Сталин понимал: и народ и аппарат в основной своей массе мало интересуются теориями социализма. Следовательно, они на собственном опыте, ежедневно и ежечасно, должны чувствовать его социализм как новую жизнь, видеть её преимущества. Словом, нужен «пряник». И он наметил и реализовал комплекс мер по улучшению или как минимум облегчению жизни человека в СССР.
Прежде всего исчезла безработица (в стране шла индустриализация, поглощавшая свободную рабочую силу), что особенно важно для мужчин — глав семейств, для молодёжи, вступающей в жизнь. Поскольку для повышения благосостояния нужны деньги, появляется важное решение о некотором снижении темпов индустриализации. И в 1934 году ЦК ВКП(б) принимает решение с 1935 года отменить карточки на хлеб. Вся суть здесь в самом курсе: не распределение, а торговля.
Некоторые меры относились и к селу. План хлебозаготовок сокращён. С 15 января 1933 года разрешена свободная торговля хлебом — после выполнения государственных заданий. Документы Второго съезда колхозников-ударников (февраль 1935-го) давали определённые гарантии на ведение личного подсобного хозяйства. И уже в 1937 году в общем объёме производства приусадебные хозяйства дали 52% картофеля и овощей, 72% молока, 70% мяса. Формировался социалистический колхоз, в котором надо было работать, прежде всего, за право иметь приусадебный надел. Ликвидированы политотделы в МТС, ранее созданные для контроля за колхозами и колхозниками, — соглядатаи и каратели.
В 1935 году снимается судимость с колхозников, получивших срок менее 5 лет, — дело касается очень многих жителей села. Сотни тысяч крестьян, срок ссылки которых истекал в 1935—1937 годах, восстановлены в правах. Возможность вернуться в родные места они, как правило, не получили, но даже формальное возвращение гражданских прав имело гигантское значение — особенно для детей высланных.
Сделаны шаги навстречу интеллигенции, в первую очередь специалистам в промышленных областях. Принято решение об улучшении их материального содержания. В заводских посёлках появились дома инженеров. А 29 декабря 1935 года отменены все ограничения по приёму в высшие учебные заведения, связанные с социальным происхождением. Сталин сделал знаменитое заявление: «Сын за отца не отвечает» — и тем показал народу, что лично является автором послаблений.

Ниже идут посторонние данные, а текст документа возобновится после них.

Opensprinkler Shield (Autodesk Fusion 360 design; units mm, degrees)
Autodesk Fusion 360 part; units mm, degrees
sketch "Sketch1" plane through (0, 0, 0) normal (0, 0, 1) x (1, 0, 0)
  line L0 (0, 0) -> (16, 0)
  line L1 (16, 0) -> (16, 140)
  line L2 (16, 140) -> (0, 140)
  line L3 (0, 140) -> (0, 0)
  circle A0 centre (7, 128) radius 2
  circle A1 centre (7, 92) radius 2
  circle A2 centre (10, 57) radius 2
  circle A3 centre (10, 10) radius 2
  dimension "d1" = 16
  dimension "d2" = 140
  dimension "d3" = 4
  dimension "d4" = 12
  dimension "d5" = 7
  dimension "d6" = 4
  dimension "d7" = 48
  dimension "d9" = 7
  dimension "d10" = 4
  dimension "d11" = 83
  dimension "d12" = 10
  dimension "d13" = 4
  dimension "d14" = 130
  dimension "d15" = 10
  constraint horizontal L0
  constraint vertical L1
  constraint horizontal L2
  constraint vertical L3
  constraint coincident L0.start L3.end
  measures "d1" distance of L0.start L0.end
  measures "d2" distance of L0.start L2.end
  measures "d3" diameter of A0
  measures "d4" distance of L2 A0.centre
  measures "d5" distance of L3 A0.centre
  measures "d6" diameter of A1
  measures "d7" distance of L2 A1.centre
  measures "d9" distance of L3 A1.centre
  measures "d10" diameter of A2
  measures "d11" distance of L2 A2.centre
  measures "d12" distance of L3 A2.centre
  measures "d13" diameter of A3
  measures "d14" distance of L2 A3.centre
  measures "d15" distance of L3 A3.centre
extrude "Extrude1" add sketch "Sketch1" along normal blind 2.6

Важной частью предпринимаемых мер стали положения новой, сталинской Конституции. В ней были провозглашены очень понятные, очень реальные шаги демократизации. Так, вместо косвенных выборов — выборы прямые. Голосование стало равным: голос любого гражданина — рабочего, колхозника, интеллигента — «стоит» одинаково. Все союзные республики избирали одинаковое число депутатов в Совет Национальностей, и появилось равенство народов СССР (правда, только народов союзных республик). «Мобилизовав» самые либеральные умы среди ленинцев — Бухарина и Радека, — Сталин получил в тексте Конституции ещё много такого, что звучало очень заманчиво и сулило радужные перспективы. (Не исключено, что Сталин учёл и опыт Гитлера, который — вопреки ожиданиям — не отменил весьма демократическую Веймарскую Конституцию, но сумел разработать механизм, позволяющий ему побеждать при любых тайных голосованиях.)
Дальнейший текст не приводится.